Epidemiology and Demographics
The incidence of hereditary pancreatitis is approximately 3.5–10 per 100,000 individuals in Europe and the USA. In Western countries, the prevalence was found to be 0.3/100 000. Hereditary pancreatitis commonly affects younger age group. The median age at which first diagnosis is made is 19 years. The median age at which the symptoms develop is 10 years.
Risk Factors
Common risk factors in the development of Hereditary pancreatitis include smoking, alcohol consumption, lack of antioxidants, genetic mutations such as increased PRSS1 gene expression and CTRC gene mutations.
Screening
Patients with hereditary pancreatitis should be screened for pancreatic cancer as they are at markedly increased risk of pancreatic cancer.

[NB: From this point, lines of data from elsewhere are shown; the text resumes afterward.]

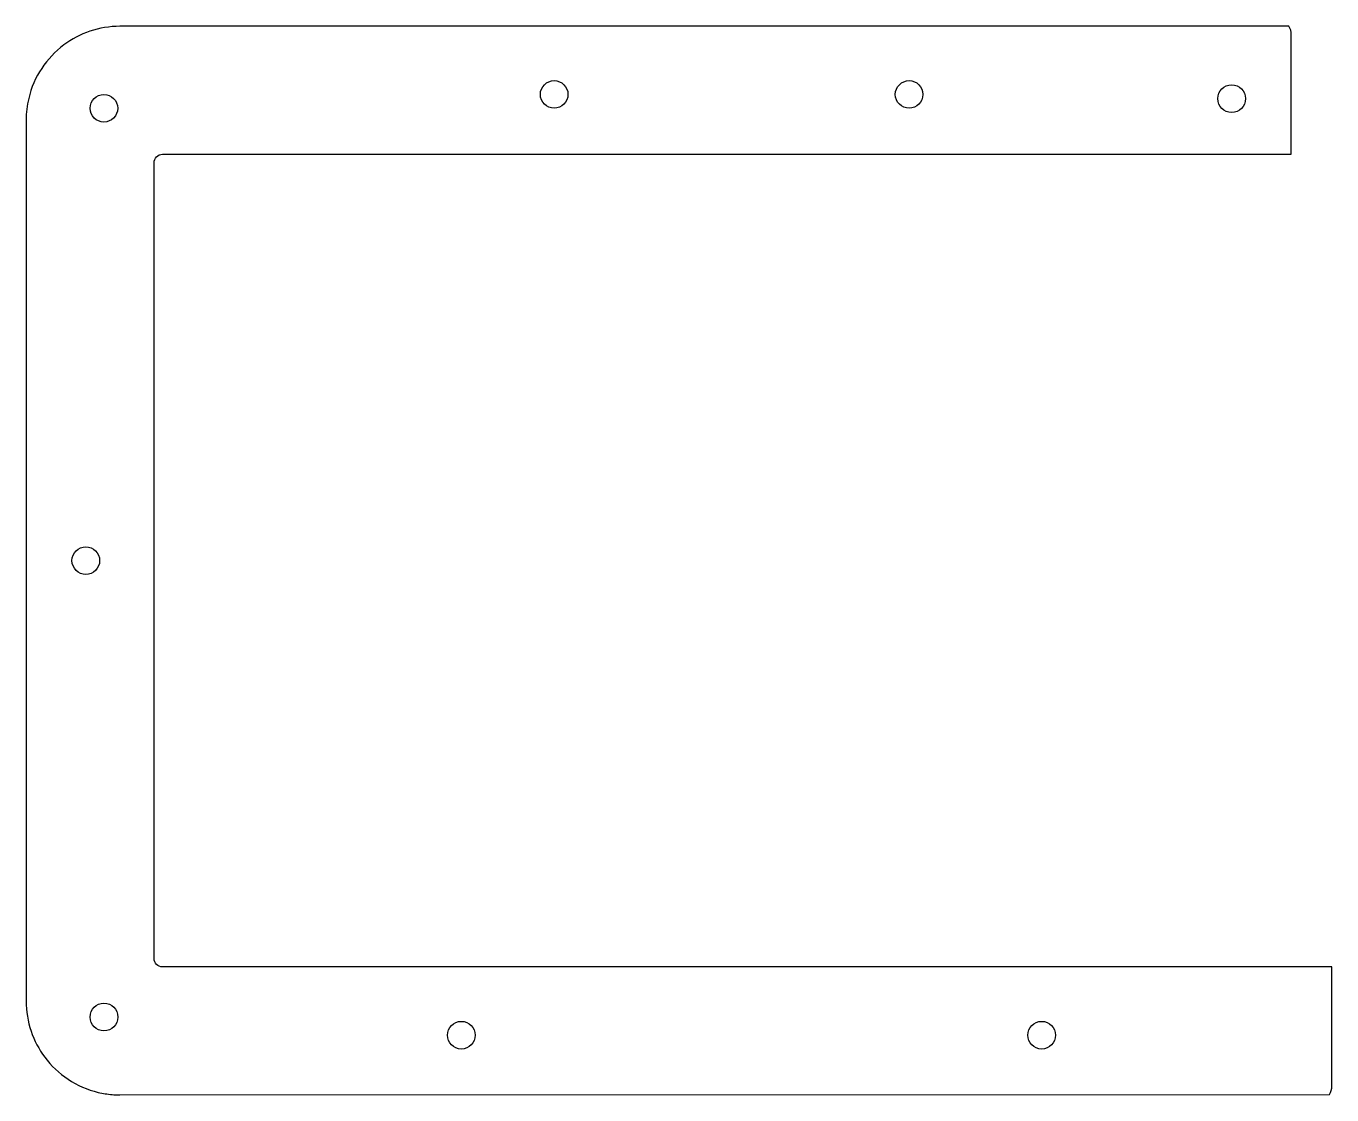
# Model space of a CAD drawing. Header units: millimetres. Extents: x 61 to 214, y -139 to -14.
import ezdxf

# ---------------------------------------------------------------- set-up
doc = ezdxf.new("R2010")
doc.units = ezdxf.units.MM
doc.layers.get('0').update_dxf_attribs({"linetype": 'CONTINUOUS'})

msp = doc.modelspace()

# ---------------------------------------------------------------- linework, layer by layer
for p, q in [((209.28, -13.55), (72.2, -13.57)), ((209.55, -28.55), (209.55, -14.55)), ((61.2, -24.57), (61.2, -127.82)), ((77.2, -28.57), (209.55, -28.55)), ((76.2, -122.82), (76.2, -29.57)), ((214.31, -123.8), (77.2, -123.82)), ((214.31, -137.79), (214.31, -123.8)), ((72.2, -138.82), (214.04, -138.79))]:
    msp.add_line(p, q)
for centre in [(123.12, -21.56), (164.74, -21.56), (202.56, -22.05), (70.32, -23.18), (68.2, -76.2), (70.33, -129.7), (112.23, -131.83), (180.28, -131.83)]:
    msp.add_circle(centre, 1.62)
for centre, start, end in [((207.55, -14.55), 0, 30.0093), ((212.31, -137.79), -29.988, 0)]:
    msp.add_arc(centre, 2, start, end)
for points, knots in [([(72.2, -13.57), (69.77, -13.57), (67.45, -14.4), (65.62, -15.76), (63.59, -17.27), (62.1, -19.47), (61.5, -22.03), (61.3, -22.85), (61.2, -23.71), (61.2, -24.57)], [1, 1, 1, 1, 1.405692, 1.405692, 1.405692, 1.85574, 1.85574, 1.85574, 2, 2, 2, 2]), ([(61.2, -127.82), (61.2, -130.25), (62.02, -132.58), (63.38, -134.4), (64.9, -136.43), (67.1, -137.92), (69.66, -138.53), (70.19, -138.65), (70.74, -138.74), (71.29, -138.79), (71.54, -138.81), (71.79, -138.82), (72.05, -138.82), (72.09, -138.82), (72.14, -138.82), (72.19, -138.82), (72.19, -138.82), (72.2, -138.82), (72.2, -138.82)], [3, 3, 3, 3, 3.405542, 3.405542, 3.405542, 3.855516, 3.855516, 3.855516, 3.949214, 3.949214, 3.949214, 3.991266, 3.991266, 3.991266, 3.999129, 3.999129, 3.999129, 4.000004, 4.000004, 4.000004, 4.000004])]:
    msp.add_open_spline(points, degree=3, knots=knots)
for points in [[(76.2, -29.57), (76.2, -29.02), (76.65, -28.57), (77.2, -28.57)], [(77.2, -123.82), (76.65, -123.82), (76.2, -123.38), (76.2, -122.82)]]:
    msp.add_open_spline(points, degree=3)

doc.saveas('drawing.dxf')

Natural History, Complications, and Prognosis
The symptoms of hereditary pancreatitis usually develop in the first or second decade of life. Patients with hereditary pancreatitis usually present with recurrent episodes of acute pancreatitis and may develop exocrine and endocrine insufficiency. If left untreated, patients with hereditary pancreatitis may progress to develop pancreatitis, biliary or pancreatic ductal dilatation, jaundice, biliary obstruction, pancreatic duct stone or stricture, pancreatic pseudocysts, and pancreatic cancer. Mortality rate is found to be increased in patients who develop pancreatic cancer.
Diagnosis
Diagnostic Criteria
There are no established criteria for the diagnosis of Hereditary pancreatitis but the diagnosis is usually made on the basis of clinical findings, a typical medical and family history, imaging methods, and pancreatic function tests.
History and Symptoms
Patients with hereditary pancreatitis usually have a positive family history of recurrent acute pancreatitis or chronic pancreatitis occurring in two first degree relatives or three or more second degree relatives, in two or more generations in the absence of precipitating factors after negative work-up for known chronic pancreatitis aetiology. The majority of patients with hereditary pancreatitis are asymptomatic. The most common presentation is recurrent acute pancreatitis.
Physical Examination
Patients with hereditary pancreatitis may assume a characteristic position in an attempt to relieve their abdominal pain such as lying on the left side, flexing the spine, drawing the knees up toward the chest. Patients with steatorrhea or advanced disease may present as loss of subcutaneous fat, temporal wasting and sunken supraclavicular fossa. Skin findings may include jaundice, pallor and bruises.